Photos

Tuesday, September 20, 2011

The Search for Adventure

I have been in Rishikesh for 2 days and spent most of it hiking in the hills and reading on my balcony overlooking the Ganges. I decided to splurge for a room with a view and it has been worth every rupee. Below the balcony is a long suspension foot bridge with cows, monkeys, holy men, and motorbikes crossing throughout the day between the various temples and Ashrams perched on the steep hills on either side of the river. Prayer bells and sanskrit chanting can be heard throughout the day.

As beautiful as it is here I have the urge to move on. This is a vast improvement on Delhi, but I am still feeling dissatisfied. There are numerous tourists here (mostly israeli for some reason) and I have yet to escape the same redundant continental restaurant menu, which has plagued me since I got off the airplane. I am under the growing suspicion that this is the culinary situation in every town listed in the guidebook. Thanks Lonely Planet! Although the breakfast omelettes and hashbrowns are surprisingly good I cannot help but consume them with guilt. This is not what I came for.

In my abundance of down time I have been reading an autobiography of the impressive adventures of Sir Edmund Hillary (the first man to summit Everest), which has lead me to instantly realize the obvious missing component - my perpetually insatiable desire for adventure.

I was under the naive assumption that after taking a 14 hour plane ride to the other side of the world into a vastly different culture than my own that adventure would be waiting for me once i cleared customs holding a sign with my name on it, but not unlike my driver it failed to show up. The search for raw life experience shall continue and i think it may prove to be more difficult than I anticipated, which should only make it all the more worthwhile once i find it.

Friday, September 16, 2011

Initial Observations

I arrived around 830pm. My driver was not at the airport (i had anticipated this) so i took a taxi to the main bazaar, which is the backpacker/budget tourist area of the city where my hotel is. I failed to locate the hotel as it was somewhere in the network of un-named alleyways off the main road. I proceeded to walk around dodging low hanging awnings, vendors, rickshaws, cows (who get treated like royalty so they walk anywhere they please knowing people and traffic will part ways for them), a stray dog fight, cowpies (poop), tourists, motorcycles, ascetics, etc and found a hotel, which although out of budget (33$) would do for the first night. It was only 930 and i passed out quickly.


Today i found a did some effective shopping and bargaining and found a place for 300rs (6$) a night. It has been pouring and the streets are flooded since there are no sewers to catch the rainwater. On the way back to check out of my hotel i was looking for a way around a flood in the road and wandered off the main road into the labarynth. Alleyways and unbelievably tiny passages darted every which way. Eventually there were no tourists, guesthouses, or shops - Just residences and small shrines. In passages only 3 feet wide more people seem to live than in acres of suburbia back home. Children were playing in the water of the flooded alleys, women washed clothes, men talked, and everyone smiled and said hello as i walked by. Eventually an amiable man holding a baby came up to me, asked where i was going, and said it was a dead end up ahead. He accompanied me and we had a nice conversation then parted ways. I walked back on to the main street already soaking wet and followed everyone else walking casually through the ankle deep street water.

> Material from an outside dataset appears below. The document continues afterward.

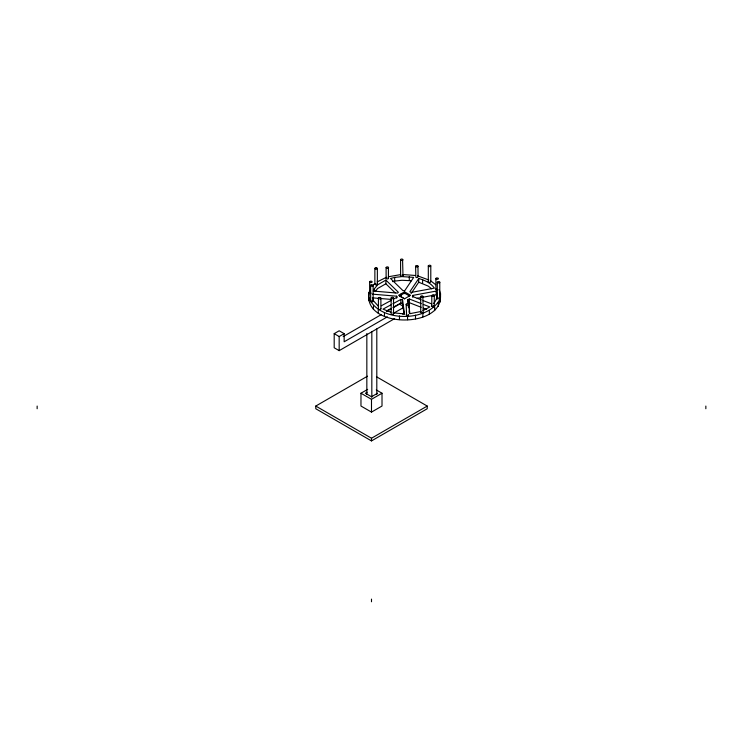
<?xml version="1.0" encoding="UTF-8"?>
<svg xmlns="http://www.w3.org/2000/svg" width="743" height="743" viewBox="0 0 743 743"><rect width="100%" height="100%" fill="white"/><g stroke="black" fill="none" stroke-linecap="round" stroke-linejoin="round"><path stroke-width="1.11" d="M439.336 289.928C451.828 329.818 358.07 329.985 369.773 290.513M368.584 300.692L368.862 292.268M436.847 299.531L436.057 291.117L412.727 295.417L412.439 296.438L421.021 299.763M440.339 301.927L440.58 293.569M400.523 259.809L400.523 259.753A1.059 0.613 0 0 1 400.765 259.335L400.811 259.288A1.245 0.715 0 0 1 402.557 259.205L402.985 275.681A1.245 0.715 0 0 1 401.861 276.266A1.245 0.715 0 0 1 400.588 275.792L400.588 259.994A1.245 0.715 0 0 0 401.861 260.468A1.245 0.715 0 0 0 402.985 259.883L402.994 259.697M400.523 275.607L400.523 275.551A1.059 0.613 0 0 1 400.765 275.133L400.811 275.086M423.204 296.568L423.166 296.754A1.245 0.715 0 0 1 421.652 297.265L420.77 296.763A1.245 0.715 0 0 1 421.337 295.955A1.245 0.715 0 0 1 422.841 296.058L423.166 312.543A1.245 0.715 0 0 1 421.652 313.063L420.77 312.562A1.245 0.715 0 0 1 420.882 312.014M388.589 267.601L388.431 267.963A1.245 0.715 0 0 1 386.731 268.223L386.109 267.61A1.245 0.715 0 0 1 387.344 266.886L387.67 266.913A1.245 0.715 0 0 1 388.422 267.248L388.431 278.569A1.245 0.715 0 0 1 386.731 278.839L386.109 278.216L386.109 267.61M430.791 265.929L430.141 266.542A1.245 0.715 0 0 1 428.646 266.403A1.245 0.715 0 0 1 428.497 265.53L429.584 265.195A1.245 0.715 0 0 1 430.791 265.929L430.791 281.727L430.141 282.34A1.245 0.715 0 0 1 428.646 282.201A1.245 0.715 0 0 1 428.497 281.328L428.609 281.244M369.624 281.866L370.042 281.356A1.161 0.669 0 0 1 370.859 281.17L370.906 281.17A1.245 0.715 0 0 1 372.104 281.82A1.245 0.715 0 0 1 371.147 282.581L370.831 282.6A1.245 0.715 0 0 1 369.624 281.866L369.624 292.473L371.147 293.197M378.419 298.175L378.837 297.664A1.161 0.669 0 0 1 379.654 297.479L379.701 297.479A1.245 0.715 0 0 1 380.89 298.129A1.245 0.715 0 0 1 379.942 298.9L379.617 298.918A1.245 0.715 0 0 1 378.419 298.175L378.419 308.791A1.245 0.715 0 0 0 379.301 309.497L379.942 309.506A1.245 0.715 0 0 0 380.75 308.475M391.059 297.906L391.292 297.562A1.245 0.715 0 0 1 392.741 297.311A1.245 0.715 0 0 1 393.53 298.054L393.53 313.852L392.796 314.428A1.245 0.715 0 0 1 391.162 314.066L391.162 298.268A1.245 0.715 0 0 0 392.796 298.64L393.53 298.054M415.597 266.161L416.637 265.53A1.245 0.715 0 0 1 417.965 265.938L418.068 276.916L417.334 277.501A1.245 0.715 0 0 1 415.866 277.297L415.597 266.161L415.866 266.681A1.245 0.715 0 0 0 417.334 266.886L418.068 266.31M368.584 297.005C378.103 322.796 429.24 322.657 440.339 298.24M374.491 288.665L373.246 291.061L397.421 293.095L398.369 292.287L385.877 280.092L377.648 284.81L374.491 288.665L374.491 291.423M418.727 278.523L409.857 291.739L411.009 292.445L434.404 288.135C430.764 282.981 424.662 280.139 418.727 278.523L418.727 282.21L411.12 293.541M372.512 286.194L374.583 283.668M375.122 291.581L377.648 288.498L385.877 283.78L385.877 280.092M433.513 303.562C436.661 300.404 438.008 295.24 436.057 291.117M377.203 281.894L386.406 277.278M409.458 295.965L404.471 293.086L399.483 295.965L404.471 298.844L410.582 295.287L404.582 291.823L398.582 295.287L404.582 298.751M394.617 318.636L339.17 350.65L334.192 347.77L334.192 333.663L339.17 330.784L344.158 333.663L344.158 341.789L387.382 316.834M334.192 333.663L339.17 336.542L344.158 333.663M343.192 336.588L381.391 314.54M386.416 311.633L391.44 308.735M393.456 307.574L399.483 304.091L403.468 306.395M393.409 313.351L403.468 307.546M402.53 314.066L404.508 312.924M376.478 376.757L427.225 406.059L427.225 408.743L371.5 440.915L315.775 408.743L315.775 406.059L367.516 376.181M376.274 389.917L382.013 393.233L382.013 406.031L371.491 412.105L360.968 406.031L360.968 393.233L367.664 389.369M367.135 392.23L365.398 393.233L371.491 396.753L377.583 393.233M360.968 393.233L371.491 399.316L382.013 393.233M315.775 406.059L371.5 438.231L427.225 406.059M381.28 305.782L391.347 300.311M393.353 299.225L397.161 297.135L396.623 296.188L372.345 294.144M390.939 304.825L382.989 309.153L390.79 312.153M392.926 303.748L400.886 299.429L402.511 299.81L404.536 313.936L392.945 312.794M386.964 310.676L390.939 308.512M392.926 307.435L400.886 303.116L402.511 303.497L404.071 314.363M438.073 289.751L437.218 289.984A1.245 0.715 0 0 1 436.057 288.943L436.076 288.925A1.161 0.669 0 0 1 436.485 288.665M371.212 300.664L370.785 300.934A1.245 0.715 0 0 0 371.314 301.909L372.549 301.872A1.245 0.715 0 0 0 372.717 300.739M422.99 310.62L429.835 306.943L423.38 304.444M421.225 303.608L409.393 299.02L407.907 299.531L407.907 303.218M408.436 303.107L409.393 302.707L421.225 307.296M388.478 276.74L400.477 274.631M394.672 277.418L390.521 278.486L403.012 290.68L404.833 290.569L413.675 277.39L401.907 276.591L394.672 277.418L394.672 281.105L392.601 281.634M421.049 311.466L409.932 313.676L407.907 299.531M417.176 298.277L420.501 297.664M422.73 297.256L436.057 294.804M394.672 281.105L401.907 280.278L411.473 280.743M402.762 274.52L415.198 275.467M372.345 297.832L378.122 298.314M380.435 298.51L390.837 299.383M433.429 305.596L433.726 305.679A1.235 0.715 0 0 1 434.246 306.413A1.235 0.715 0 0 1 433.271 306.97L431.813 306.413A1.235 0.715 0 0 1 432.008 305.875M418.727 282.21L428.228 286.111L431.72 288.804M417.612 275.848L428.813 279.981M423.166 300.59L431.748 303.915M423.38 308.131L426.612 309.385M439.466 297.618L439.531 297.655A1.245 0.715 0 0 1 439.289 298.658L438.054 298.751A1.245 0.715 0 0 1 437.302 298.082L437.311 282.377M408.232 314.438L408.418 314.558A1.245 0.715 0 0 1 408.52 315.273L408.344 315.431A1.245 0.715 0 0 1 406.597 315.515L406.161 304.398A1.17 0.678 0 0 1 406.43 303.915L406.449 303.896A1.245 0.715 0 0 1 408.204 303.813L408.418 303.952A1.245 0.715 0 0 1 408.52 304.658L408.344 304.816A1.245 0.715 0 0 1 406.597 304.899L406.161 304.398M378.382 306.2L373.618 300.952L372.559 297.859M430.875 280.984L435.723 284.727M385.877 283.78L395.248 292.928M402.994 275.486L402.557 275.003A1.245 0.715 0 0 0 402.288 274.901M388.589 278.216L388.422 277.854A1.245 0.715 0 0 0 388.227 277.706M408.223 305.401L408.529 307.574M409.003 310.834L409.309 313.017M705.85 406.059L705.85 408.743M439.772 282.21L439.772 297.999M438.305 302.754L438.305 306.441M435.918 278.69L435.918 289.306M434.599 306.878L434.599 310.565M434.581 306.905L434.581 310.593M434.274 295.705L434.274 306.32M431.794 295.612L431.794 306.227M429.352 310.463L429.352 314.15M428.312 265.892L428.312 281.681M422.878 313.267L422.878 316.955M422.6 279.674L422.6 283.362M420.724 296.578L420.724 312.376M415.495 315.162L415.495 318.849M412.727 295.417L412.727 297.256M409.393 299.02L409.458 310.072M409.282 276.721L409.282 280.408M407.554 316.072L407.554 319.759M404.582 291.823L404.582 293.671M402.511 299.81L402.511 303.497M401.266 293.736L401.266 295.584M400.886 299.429L400.886 303.116M399.474 315.933L399.474 319.62M396.623 296.188L396.651 298.194M384.465 312.608L384.465 316.295M380.899 298.222L380.899 308.828M378.261 309.562L378.289 313.277M377.36 268.483L377.36 284.272M376.803 328.917L376.803 394.384M374.871 268.409L374.871 284.207M373.441 305.847L373.441 309.534M373.125 285.442L373.125 301.24M371.825 331.796L371.825 397.264M371.491 399.316L371.491 412.105M371.5 438.231L371.5 440.915M371.5 599.099L371.5 601.774M370.646 285.507L370.646 301.296M366.838 333.514L366.838 394.384M339.17 336.542L339.17 350.65M37.15 406.059L37.15 408.743M437.302 298.082A1.245 0.715 0 0 1 438.082 297.423M406.69 314.382A1.245 0.715 0 0 0 406.449 314.503A1.17 0.678 0 0 0 406.161 315.004M430.643 281.365A1.245 0.715 0 0 1 430.791 281.727M393.428 313.481A1.245 0.715 0 0 1 393.53 313.852M377.035 283.761A1.245 0.715 0 0 1 377.156 284.625A1.245 0.715 0 0 1 375.735 284.922L374.899 284.393A1.245 0.715 0 0 1 375.549 283.603M386.109 278.216A1.245 0.715 0 0 1 386.722 277.594M436.076 278.309L436.057 278.328A1.245 0.715 0 0 0 437.218 279.377L438.259 278.987A1.245 0.715 0 0 0 437.729 278.021L436.782 277.975A1.161 0.669 0 0 0 436.076 278.309M370.961 284.987L370.785 285.145A1.245 0.715 0 0 0 371.314 286.111L372.549 286.074A1.245 0.715 0 0 0 373.07 285.256A1.245 0.715 0 0 0 371.825 284.755L370.961 284.987M439.289 282.869L438.054 282.953A1.245 0.715 0 0 1 437.311 282.191A1.245 0.715 0 0 1 438.389 281.578L439.531 281.866A1.245 0.715 0 0 1 439.289 282.869M376.181 267.731L375.856 267.74A1.245 0.715 0 0 0 374.899 268.594L375.735 269.124A1.245 0.715 0 0 0 377.156 268.836A1.245 0.715 0 0 0 377.035 267.963L376.181 267.731M433.271 296.364L431.813 295.798A1.235 0.715 0 0 1 433.438 294.98L433.726 295.064A1.235 0.715 0 0 1 434.246 295.798A1.235 0.715 0 0 1 433.271 296.364"/></g></svg>

This is a particularly chaotic and dirty area of the city, but still im enjoying it. The touts and vendors are less aggressive than i anticipated. Everyone says hello and smiles. Sure it serves their best interests to be nice to the rich white tourist, but I have been to areas in other countries that are not as poor as here where the people are very aggressive and much more prone to violence when it comes to trying to get your money (Jamaica and any US city for example). Off to find a cell phone and some outlet adapters and maybe some food....

Tuesday, September 13, 2011

Ready for the Unknown

With a little over a day to go before my solo departure to Delhi, people keep asking me if i am ready to go. I have worked out all the details of travel logistics and preparations such as insurance, visa, and shots. The question of whether or not i am mentally prepared is a difficult one to answer. Having never been to India or any of the Asian side of the world, there is no way to truly prepare myself. I will have my patience tested constantly, be continuously overwhelmed, and often confused. I recently discovered some feelings of apprehension towards what I am doing. What rational person would voluntarily throw himself into this kind of situation?
I then remembered the last couple years when predictability was the very reason i lacked the motivation to get out of bed early enough to make it to work on time to a job that wasn't even that bad. I would lay in bed and envision the entire day before it happened. The only changing variables reduced to what i would eat for dinner and if there would be more/less traffic than the day before. I felt as though I was living the part of Bill Murray in Groundhog Day. I'm just not cut out for routine.
Having already had an amazing trip out west this past August, I am full of excitement and energy again. I was reminded that new experiences make you feel truly alive. Just four weeks travelling and climbing in the northwest has done so much and that was barely the beginning. I can't wait to see where this journey takes me.